长白山自然保护区高海拔云冷杉林净初级生产力时空格局及其驱动因子

张月1,2,袁泉1,2,房磊1,韩艳刚1,2,朱琪1,2,齐麟3,周旺明1,周莉1,于大炮1*   

  1. 1中国科学院森林生态与管理重点实验室(沈阳应用生态研究所), 沈阳 110016; 2中国科学院大学, 北京 100049;3沈阳大学生物入侵研究中心, 沈阳 110016)
  • 出版日期:2021-11-10 发布日期:2022-05-10

Spatiotemporal variation of net primary productivity of spruce-fir forest at high altitudes and the driving forces  in Changbai Mountain Nature Reserve.

ZHANG Yue1,2, YUAN Quan1,2, FANG Lei1, HAN Yan-gang1,2, ZHU Qi1,2, QI Lin3, ZHOU Wang-ming1, ZHOU Li1, YU Da-pao1*   

  1. (1CAS Key Laboratory of Forest Ecology and Management, Institute of Applied Ecology, Chinese Academy of Sciences, Shenyang 110016, China; 2University of Chinese Academy of Sciences, Beijing 100049, China, 3Biological Invasion Research Center, Shenyang University, Shenyang 110016, China).
  • Online:2021-11-10 Published:2022-05-10

摘要: 长白山自然保护区高海拔(1400 m以上)分布的云冷杉林出现生长衰退和大量枯死现象,但衰退格局的驱动机制尚不明确。本研究基于Landsat数据,利用CASA模型计算了长白山自然保护区高海拔云冷杉林1994—2019年的净初级生产力(NPP),分析了其时空变化特征。结果表明:(1)长白山保护区内云冷杉林NPP在111.96~182.19 g C·m-2·a-1,平均为141.85(g C·m-2·a-1。云冷杉林NPP的最大值和最小值分别出现在1996年(182.19 g C·m-2·a-1)和2018年(111.96 g C·m-2·a-1)。研究期间,3.08%的区域云冷林NPP显著增加,3.36%的区域显著减少;(2)云冷杉林NPP与海拔、坡度呈负相关,不同坡向上分布差异不大。在海拔1600~1650 m范围内NPP变化率接近于0,较低和较高海拔区域NPP变化呈减小趋势;在坡度0~10°时云冷杉NPP减小最明显,随坡度增加NPP变化趋势变小,在阴坡和半阴坡NPP生长呈下降趋势,而在阳坡和半阳坡趋于稳定。(3)云冷杉林NPP与降水呈显著正相关,而与温度相关性不显著;NPP减少与保护区内的旅游活动有一定的关系。本研究表明,高海拔云冷杉林不存在一致的、大面积的衰退,其NPP的变化主要受立地因子、降水变化及人类活动的影响。

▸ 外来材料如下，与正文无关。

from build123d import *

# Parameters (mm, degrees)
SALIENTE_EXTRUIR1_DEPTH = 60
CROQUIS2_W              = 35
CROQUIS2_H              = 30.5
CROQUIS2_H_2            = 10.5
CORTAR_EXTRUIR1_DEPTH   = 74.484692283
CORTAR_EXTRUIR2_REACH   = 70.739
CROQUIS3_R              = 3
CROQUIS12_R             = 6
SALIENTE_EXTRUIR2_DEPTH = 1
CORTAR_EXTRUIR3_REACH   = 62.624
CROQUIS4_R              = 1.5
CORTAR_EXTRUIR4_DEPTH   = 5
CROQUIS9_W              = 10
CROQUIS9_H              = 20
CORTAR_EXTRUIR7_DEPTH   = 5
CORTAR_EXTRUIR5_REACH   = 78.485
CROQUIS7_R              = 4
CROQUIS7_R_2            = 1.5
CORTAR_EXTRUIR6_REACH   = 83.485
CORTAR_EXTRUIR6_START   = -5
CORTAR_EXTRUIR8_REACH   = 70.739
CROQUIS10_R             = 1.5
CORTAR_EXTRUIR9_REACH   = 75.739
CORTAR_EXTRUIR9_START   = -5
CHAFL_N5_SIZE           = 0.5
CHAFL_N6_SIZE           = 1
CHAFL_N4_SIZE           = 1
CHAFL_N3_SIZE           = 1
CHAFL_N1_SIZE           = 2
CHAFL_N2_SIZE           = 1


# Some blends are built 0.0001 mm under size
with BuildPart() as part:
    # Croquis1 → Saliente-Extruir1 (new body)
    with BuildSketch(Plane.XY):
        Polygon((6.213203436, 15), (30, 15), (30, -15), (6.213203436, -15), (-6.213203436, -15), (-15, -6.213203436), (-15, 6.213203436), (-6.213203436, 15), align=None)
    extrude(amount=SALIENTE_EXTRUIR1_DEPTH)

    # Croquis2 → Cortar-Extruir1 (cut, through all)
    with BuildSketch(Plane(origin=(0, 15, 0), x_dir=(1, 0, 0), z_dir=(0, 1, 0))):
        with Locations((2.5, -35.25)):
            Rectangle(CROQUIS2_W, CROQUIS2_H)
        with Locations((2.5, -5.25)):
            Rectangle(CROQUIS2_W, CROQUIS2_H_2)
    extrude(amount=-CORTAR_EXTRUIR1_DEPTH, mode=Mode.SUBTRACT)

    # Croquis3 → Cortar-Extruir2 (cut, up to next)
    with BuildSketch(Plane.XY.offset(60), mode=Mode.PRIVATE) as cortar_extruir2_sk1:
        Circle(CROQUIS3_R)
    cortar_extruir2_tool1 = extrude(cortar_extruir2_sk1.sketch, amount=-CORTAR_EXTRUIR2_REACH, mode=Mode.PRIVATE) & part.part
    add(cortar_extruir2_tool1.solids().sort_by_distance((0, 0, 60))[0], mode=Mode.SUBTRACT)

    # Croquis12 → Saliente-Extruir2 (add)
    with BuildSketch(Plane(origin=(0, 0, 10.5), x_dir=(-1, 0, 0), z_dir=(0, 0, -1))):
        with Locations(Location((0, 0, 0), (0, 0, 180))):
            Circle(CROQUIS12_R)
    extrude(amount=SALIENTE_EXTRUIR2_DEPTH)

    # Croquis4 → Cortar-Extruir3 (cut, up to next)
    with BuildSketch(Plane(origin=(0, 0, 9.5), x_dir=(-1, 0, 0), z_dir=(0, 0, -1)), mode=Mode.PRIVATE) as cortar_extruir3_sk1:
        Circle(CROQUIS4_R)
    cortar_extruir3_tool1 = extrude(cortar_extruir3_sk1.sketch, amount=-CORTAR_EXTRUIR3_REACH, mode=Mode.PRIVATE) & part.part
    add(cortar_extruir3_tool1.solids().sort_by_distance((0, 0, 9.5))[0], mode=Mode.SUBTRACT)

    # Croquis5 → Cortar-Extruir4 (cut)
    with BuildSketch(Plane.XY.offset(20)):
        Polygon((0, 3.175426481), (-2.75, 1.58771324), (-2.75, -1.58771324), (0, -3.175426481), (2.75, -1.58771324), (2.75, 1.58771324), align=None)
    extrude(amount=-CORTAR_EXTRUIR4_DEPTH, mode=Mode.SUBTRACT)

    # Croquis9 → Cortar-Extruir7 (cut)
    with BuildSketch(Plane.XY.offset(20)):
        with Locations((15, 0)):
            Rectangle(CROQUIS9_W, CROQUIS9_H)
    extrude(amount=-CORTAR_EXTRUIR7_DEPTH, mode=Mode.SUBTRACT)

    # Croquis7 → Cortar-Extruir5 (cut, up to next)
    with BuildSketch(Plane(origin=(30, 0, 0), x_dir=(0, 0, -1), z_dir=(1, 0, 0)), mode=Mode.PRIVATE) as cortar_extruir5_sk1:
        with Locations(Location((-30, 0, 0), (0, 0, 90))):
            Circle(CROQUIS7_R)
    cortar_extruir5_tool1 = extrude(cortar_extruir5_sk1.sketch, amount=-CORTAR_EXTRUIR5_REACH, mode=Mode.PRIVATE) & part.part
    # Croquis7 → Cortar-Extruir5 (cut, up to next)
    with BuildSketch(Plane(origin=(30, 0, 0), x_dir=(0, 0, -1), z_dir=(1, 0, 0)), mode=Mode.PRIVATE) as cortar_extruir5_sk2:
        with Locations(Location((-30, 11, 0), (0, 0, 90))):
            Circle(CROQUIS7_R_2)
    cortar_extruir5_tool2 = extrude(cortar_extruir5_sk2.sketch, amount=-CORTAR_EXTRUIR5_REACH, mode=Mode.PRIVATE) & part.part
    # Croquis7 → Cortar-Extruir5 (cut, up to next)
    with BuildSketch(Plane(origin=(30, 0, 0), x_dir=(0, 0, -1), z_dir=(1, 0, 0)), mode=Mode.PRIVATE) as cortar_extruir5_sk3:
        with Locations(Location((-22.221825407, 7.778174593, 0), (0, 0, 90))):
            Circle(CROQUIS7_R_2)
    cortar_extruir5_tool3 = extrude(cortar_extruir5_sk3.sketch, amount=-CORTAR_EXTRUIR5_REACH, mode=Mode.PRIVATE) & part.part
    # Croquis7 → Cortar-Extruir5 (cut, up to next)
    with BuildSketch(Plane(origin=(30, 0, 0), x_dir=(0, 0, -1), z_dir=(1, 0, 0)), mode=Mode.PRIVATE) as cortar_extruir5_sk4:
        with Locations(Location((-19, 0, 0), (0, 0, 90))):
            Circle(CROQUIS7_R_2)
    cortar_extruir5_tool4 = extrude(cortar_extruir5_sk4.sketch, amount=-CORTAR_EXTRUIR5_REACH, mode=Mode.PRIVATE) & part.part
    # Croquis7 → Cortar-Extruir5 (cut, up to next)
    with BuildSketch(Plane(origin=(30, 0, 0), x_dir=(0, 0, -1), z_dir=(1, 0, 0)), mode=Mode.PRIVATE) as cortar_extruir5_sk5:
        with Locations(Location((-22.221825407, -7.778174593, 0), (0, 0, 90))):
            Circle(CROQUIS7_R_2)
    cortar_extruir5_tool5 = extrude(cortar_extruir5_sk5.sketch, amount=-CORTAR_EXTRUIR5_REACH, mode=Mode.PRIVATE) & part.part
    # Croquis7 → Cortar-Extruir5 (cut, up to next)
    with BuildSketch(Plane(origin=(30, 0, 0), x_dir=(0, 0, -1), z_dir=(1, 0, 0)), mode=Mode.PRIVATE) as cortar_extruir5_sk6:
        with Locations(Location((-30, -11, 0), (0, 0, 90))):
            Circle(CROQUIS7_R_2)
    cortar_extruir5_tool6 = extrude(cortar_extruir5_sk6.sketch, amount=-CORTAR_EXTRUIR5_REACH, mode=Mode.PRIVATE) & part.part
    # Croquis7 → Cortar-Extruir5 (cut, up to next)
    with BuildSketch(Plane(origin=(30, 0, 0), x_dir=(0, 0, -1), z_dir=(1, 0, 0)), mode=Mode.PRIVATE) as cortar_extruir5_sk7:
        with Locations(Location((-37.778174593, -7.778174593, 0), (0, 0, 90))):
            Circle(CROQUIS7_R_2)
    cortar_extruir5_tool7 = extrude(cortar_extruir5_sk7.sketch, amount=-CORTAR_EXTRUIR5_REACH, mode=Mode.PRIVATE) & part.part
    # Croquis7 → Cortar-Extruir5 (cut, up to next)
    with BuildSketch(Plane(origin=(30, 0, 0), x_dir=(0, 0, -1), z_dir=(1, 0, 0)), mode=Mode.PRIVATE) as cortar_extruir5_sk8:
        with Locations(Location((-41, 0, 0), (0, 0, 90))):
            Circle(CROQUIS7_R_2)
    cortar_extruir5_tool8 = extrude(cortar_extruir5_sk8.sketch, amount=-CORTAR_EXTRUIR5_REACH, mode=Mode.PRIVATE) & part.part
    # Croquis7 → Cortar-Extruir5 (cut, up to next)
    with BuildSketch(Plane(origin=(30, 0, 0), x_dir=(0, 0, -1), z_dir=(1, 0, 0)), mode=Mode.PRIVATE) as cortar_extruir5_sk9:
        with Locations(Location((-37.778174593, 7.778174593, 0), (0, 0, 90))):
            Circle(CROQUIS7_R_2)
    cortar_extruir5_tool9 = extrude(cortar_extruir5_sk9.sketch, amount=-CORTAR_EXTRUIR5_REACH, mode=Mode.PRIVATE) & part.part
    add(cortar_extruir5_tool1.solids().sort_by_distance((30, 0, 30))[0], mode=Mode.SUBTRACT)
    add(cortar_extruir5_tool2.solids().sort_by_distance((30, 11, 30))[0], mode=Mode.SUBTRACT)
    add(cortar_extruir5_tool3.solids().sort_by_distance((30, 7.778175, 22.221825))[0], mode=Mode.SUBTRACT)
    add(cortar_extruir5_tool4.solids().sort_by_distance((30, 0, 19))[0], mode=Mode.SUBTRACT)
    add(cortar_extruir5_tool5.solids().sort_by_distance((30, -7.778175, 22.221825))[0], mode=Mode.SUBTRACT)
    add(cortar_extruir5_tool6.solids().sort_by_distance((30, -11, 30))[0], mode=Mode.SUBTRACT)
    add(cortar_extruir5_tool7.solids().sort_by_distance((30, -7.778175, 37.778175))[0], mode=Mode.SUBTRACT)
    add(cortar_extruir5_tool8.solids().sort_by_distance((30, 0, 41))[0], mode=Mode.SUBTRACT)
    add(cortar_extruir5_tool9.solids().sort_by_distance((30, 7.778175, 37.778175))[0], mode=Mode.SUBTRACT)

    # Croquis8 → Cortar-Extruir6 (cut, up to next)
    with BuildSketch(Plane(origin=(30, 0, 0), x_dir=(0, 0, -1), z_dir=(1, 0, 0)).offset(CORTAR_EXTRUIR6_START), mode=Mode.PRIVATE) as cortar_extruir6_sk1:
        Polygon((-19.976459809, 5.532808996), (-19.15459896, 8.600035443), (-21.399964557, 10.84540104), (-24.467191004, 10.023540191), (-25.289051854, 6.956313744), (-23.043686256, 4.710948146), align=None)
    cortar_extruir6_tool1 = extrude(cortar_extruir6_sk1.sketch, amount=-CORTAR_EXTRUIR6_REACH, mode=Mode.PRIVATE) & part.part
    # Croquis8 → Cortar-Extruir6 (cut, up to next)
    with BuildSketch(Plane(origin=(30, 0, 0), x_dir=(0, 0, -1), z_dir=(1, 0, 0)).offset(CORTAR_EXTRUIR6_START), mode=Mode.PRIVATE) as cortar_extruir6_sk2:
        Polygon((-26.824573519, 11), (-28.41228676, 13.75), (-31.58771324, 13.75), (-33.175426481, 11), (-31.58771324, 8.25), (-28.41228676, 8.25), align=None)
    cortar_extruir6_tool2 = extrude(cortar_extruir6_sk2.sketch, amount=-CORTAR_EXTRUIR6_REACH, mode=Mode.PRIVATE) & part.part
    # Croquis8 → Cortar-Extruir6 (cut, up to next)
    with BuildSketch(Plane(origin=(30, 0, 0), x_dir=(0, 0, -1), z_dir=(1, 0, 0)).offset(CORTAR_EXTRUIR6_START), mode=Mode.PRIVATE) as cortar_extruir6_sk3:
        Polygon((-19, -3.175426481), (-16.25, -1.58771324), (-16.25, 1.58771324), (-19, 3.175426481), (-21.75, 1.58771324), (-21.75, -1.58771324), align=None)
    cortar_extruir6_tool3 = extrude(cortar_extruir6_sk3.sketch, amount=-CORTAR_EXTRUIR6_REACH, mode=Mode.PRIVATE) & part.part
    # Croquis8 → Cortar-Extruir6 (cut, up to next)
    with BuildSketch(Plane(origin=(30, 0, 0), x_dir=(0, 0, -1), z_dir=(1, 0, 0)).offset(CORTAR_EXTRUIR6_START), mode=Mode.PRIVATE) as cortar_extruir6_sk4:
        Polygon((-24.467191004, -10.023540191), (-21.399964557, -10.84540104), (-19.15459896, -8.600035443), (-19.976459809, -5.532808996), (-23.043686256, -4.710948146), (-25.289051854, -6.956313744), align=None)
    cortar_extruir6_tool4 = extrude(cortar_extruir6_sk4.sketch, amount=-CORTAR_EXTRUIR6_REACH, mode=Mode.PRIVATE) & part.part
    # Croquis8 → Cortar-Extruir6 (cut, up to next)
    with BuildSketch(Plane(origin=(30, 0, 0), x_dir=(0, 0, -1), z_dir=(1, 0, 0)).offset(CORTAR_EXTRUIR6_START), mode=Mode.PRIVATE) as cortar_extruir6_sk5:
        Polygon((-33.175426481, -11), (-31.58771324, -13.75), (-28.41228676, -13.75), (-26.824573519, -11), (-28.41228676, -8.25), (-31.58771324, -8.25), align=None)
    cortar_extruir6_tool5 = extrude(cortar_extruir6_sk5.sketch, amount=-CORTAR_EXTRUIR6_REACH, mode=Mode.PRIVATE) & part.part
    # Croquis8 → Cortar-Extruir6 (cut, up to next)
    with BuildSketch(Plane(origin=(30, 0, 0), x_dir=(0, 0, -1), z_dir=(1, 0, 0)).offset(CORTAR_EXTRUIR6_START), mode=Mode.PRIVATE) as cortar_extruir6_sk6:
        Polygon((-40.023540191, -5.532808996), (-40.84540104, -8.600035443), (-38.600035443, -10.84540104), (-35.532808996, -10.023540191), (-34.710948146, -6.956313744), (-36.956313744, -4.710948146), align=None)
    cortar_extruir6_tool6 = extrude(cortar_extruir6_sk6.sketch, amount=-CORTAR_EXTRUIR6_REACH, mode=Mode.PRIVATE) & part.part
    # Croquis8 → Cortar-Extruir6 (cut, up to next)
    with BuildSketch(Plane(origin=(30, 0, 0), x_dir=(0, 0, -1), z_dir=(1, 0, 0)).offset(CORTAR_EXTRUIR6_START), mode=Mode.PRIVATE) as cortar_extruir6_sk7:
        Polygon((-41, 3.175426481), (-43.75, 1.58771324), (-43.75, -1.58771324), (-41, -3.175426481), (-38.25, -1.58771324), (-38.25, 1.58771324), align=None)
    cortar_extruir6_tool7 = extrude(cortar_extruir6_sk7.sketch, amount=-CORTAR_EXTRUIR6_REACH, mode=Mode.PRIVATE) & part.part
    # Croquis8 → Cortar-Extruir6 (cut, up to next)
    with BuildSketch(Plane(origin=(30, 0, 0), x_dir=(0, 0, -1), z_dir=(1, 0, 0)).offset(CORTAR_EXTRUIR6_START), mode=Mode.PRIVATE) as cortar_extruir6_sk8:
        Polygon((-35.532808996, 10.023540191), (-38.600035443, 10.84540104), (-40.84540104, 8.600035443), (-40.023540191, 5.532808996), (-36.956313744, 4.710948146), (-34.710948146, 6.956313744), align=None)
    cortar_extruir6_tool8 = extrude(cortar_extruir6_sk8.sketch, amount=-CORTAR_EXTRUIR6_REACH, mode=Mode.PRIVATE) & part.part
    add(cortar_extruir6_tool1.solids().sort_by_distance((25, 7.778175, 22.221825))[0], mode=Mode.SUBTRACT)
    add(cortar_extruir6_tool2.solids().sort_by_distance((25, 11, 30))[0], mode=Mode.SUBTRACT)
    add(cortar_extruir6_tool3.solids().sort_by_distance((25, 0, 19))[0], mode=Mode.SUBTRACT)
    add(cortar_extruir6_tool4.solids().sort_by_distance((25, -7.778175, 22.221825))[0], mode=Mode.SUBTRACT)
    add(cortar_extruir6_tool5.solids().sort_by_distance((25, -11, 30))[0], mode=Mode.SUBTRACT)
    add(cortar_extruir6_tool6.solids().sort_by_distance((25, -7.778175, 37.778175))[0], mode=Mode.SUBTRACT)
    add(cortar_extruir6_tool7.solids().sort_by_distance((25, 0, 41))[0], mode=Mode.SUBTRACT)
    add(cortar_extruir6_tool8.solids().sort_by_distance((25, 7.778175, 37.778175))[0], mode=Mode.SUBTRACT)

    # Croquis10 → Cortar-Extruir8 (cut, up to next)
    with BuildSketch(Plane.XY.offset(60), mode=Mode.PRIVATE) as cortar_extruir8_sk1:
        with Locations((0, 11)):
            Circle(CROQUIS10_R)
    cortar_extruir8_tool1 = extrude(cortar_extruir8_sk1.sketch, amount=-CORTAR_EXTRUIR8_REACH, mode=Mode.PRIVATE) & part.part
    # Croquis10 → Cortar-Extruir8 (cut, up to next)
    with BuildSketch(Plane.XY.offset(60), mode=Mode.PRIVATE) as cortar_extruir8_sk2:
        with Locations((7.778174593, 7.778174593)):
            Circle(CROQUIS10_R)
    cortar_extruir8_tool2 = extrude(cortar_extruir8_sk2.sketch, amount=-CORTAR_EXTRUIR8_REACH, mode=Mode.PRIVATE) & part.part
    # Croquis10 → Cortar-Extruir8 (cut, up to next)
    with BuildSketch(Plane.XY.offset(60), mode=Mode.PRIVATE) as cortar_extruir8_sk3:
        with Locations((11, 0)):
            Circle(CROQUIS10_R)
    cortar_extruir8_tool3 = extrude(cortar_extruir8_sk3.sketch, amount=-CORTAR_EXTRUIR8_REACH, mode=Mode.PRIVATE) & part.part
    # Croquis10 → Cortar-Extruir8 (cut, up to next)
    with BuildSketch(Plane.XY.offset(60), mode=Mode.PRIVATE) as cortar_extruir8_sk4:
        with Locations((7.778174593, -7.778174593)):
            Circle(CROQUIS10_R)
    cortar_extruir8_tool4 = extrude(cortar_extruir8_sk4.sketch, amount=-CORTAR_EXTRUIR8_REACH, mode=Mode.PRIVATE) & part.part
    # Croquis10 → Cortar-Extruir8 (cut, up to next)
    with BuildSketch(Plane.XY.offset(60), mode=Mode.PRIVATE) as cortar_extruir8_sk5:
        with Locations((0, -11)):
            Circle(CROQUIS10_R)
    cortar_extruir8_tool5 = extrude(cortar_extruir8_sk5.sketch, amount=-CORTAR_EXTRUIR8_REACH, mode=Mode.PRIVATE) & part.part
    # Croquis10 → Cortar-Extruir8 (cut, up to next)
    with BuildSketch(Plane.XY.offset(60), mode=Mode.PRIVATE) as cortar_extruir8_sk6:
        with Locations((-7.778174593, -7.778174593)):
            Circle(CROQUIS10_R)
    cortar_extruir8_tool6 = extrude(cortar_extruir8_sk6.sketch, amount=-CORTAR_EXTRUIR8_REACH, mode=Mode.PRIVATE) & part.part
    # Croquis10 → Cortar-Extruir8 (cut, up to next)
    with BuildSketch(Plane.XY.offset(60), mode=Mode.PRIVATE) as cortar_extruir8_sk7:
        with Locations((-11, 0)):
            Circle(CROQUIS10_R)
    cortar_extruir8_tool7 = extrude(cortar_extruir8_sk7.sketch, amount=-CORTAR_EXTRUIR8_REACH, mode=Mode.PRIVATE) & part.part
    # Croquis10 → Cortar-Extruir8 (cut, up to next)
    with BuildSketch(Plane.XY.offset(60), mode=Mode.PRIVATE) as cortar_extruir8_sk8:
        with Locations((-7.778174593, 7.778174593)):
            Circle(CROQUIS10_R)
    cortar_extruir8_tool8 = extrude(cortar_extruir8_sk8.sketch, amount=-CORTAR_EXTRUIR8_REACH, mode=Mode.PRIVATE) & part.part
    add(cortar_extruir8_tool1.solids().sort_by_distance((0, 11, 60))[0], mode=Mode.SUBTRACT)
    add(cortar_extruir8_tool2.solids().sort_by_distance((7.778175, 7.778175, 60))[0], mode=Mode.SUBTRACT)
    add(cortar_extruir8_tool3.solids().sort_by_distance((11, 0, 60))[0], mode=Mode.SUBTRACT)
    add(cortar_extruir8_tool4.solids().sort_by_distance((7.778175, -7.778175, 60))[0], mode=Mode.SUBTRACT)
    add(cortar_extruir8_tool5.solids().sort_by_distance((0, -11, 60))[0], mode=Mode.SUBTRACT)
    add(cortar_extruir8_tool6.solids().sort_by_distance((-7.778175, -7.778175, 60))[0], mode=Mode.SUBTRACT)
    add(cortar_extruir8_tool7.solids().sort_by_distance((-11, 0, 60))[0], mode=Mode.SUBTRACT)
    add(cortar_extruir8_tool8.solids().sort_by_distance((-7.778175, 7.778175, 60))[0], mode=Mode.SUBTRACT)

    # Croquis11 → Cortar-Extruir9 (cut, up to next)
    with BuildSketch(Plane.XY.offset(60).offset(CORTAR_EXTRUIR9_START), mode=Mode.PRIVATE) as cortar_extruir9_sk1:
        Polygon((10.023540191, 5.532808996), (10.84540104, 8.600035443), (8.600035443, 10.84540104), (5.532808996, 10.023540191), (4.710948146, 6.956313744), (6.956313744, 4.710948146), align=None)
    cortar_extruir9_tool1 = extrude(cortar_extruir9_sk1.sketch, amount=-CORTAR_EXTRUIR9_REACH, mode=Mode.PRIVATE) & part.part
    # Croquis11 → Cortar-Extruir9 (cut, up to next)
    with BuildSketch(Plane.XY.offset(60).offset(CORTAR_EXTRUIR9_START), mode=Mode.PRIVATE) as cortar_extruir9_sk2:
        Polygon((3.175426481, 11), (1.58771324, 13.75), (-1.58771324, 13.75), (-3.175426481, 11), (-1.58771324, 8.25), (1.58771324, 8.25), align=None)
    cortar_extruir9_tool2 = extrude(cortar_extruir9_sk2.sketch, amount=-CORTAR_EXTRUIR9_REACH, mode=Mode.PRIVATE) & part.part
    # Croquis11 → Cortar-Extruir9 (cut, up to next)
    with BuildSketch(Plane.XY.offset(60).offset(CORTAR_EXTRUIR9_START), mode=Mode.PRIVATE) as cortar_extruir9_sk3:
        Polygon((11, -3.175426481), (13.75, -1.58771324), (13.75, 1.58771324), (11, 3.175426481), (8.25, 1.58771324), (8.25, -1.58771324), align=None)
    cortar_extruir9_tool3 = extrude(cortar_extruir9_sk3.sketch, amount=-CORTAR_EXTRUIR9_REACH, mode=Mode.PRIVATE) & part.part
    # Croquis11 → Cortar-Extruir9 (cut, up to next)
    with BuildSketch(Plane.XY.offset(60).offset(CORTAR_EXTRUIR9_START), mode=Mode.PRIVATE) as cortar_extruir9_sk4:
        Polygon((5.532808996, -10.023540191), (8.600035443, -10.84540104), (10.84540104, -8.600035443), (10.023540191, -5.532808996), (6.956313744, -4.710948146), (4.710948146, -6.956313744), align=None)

关键词: 净初级生产力, 云冷杉林, 时空格局, 驱动因子, 长白山自然保护区

Abstract: Spruce-fir forests at their upper distribution (above 1400 m) in Changbai Mountain Nature Reserve showed growth decline and die-off, but the decline pattern and underlying mechanism are unclear. In this study, based on Landsat data from 1994 to 2019, we calculated the net primary productivity (NPP) by CASA model and analyzed the spatiotemporal variation of NPP in sprucefir forests at their upper distribution in Changbai Mountain Nature Reserve. Results showed that: (1) NPP of spruce-fir forest varied within 111.96-182.19 g C·m-2·a-1, with a mean value of 141.85 g C·m-2·a-1. From 1994 to 2019, the maximum and minimum NPP in spruce-fir forest occurred in 1996 (182.19 g C·m-2·a-1) and 2018 (111.96g C·m-2·a-1), respectively. (2) The NPP of spruce-fir forest was negatively correlated with elevation and slope, and there was no significant difference in its distribution among different aspects. In the range of 1600-1650 m, the change rate of NPP was close to zero, while NPP at lower and higher altitudes was decreasing. The decreases of NPP of spruce-fir forest were the most obvious when the slope was within the range of 0-10°, and the variation trend of NPP decreased with increasing slope. The increases of NPP showed a trend of decline on shady slope and semi-shady slope, but tended to be stable on sunny slope and semi-sunny slope. (3) The NPP of spruce-fir forest was positively correlated with precipitation, but not related with temperature. The decrease in NPP was partly related to tourism activities in the protected areas. Our results indicated that there was no consistent, large area decline in the high altitude spruce-fir forest, and the variation of NPP was mainly affected by site factors, precipitation, and human activities.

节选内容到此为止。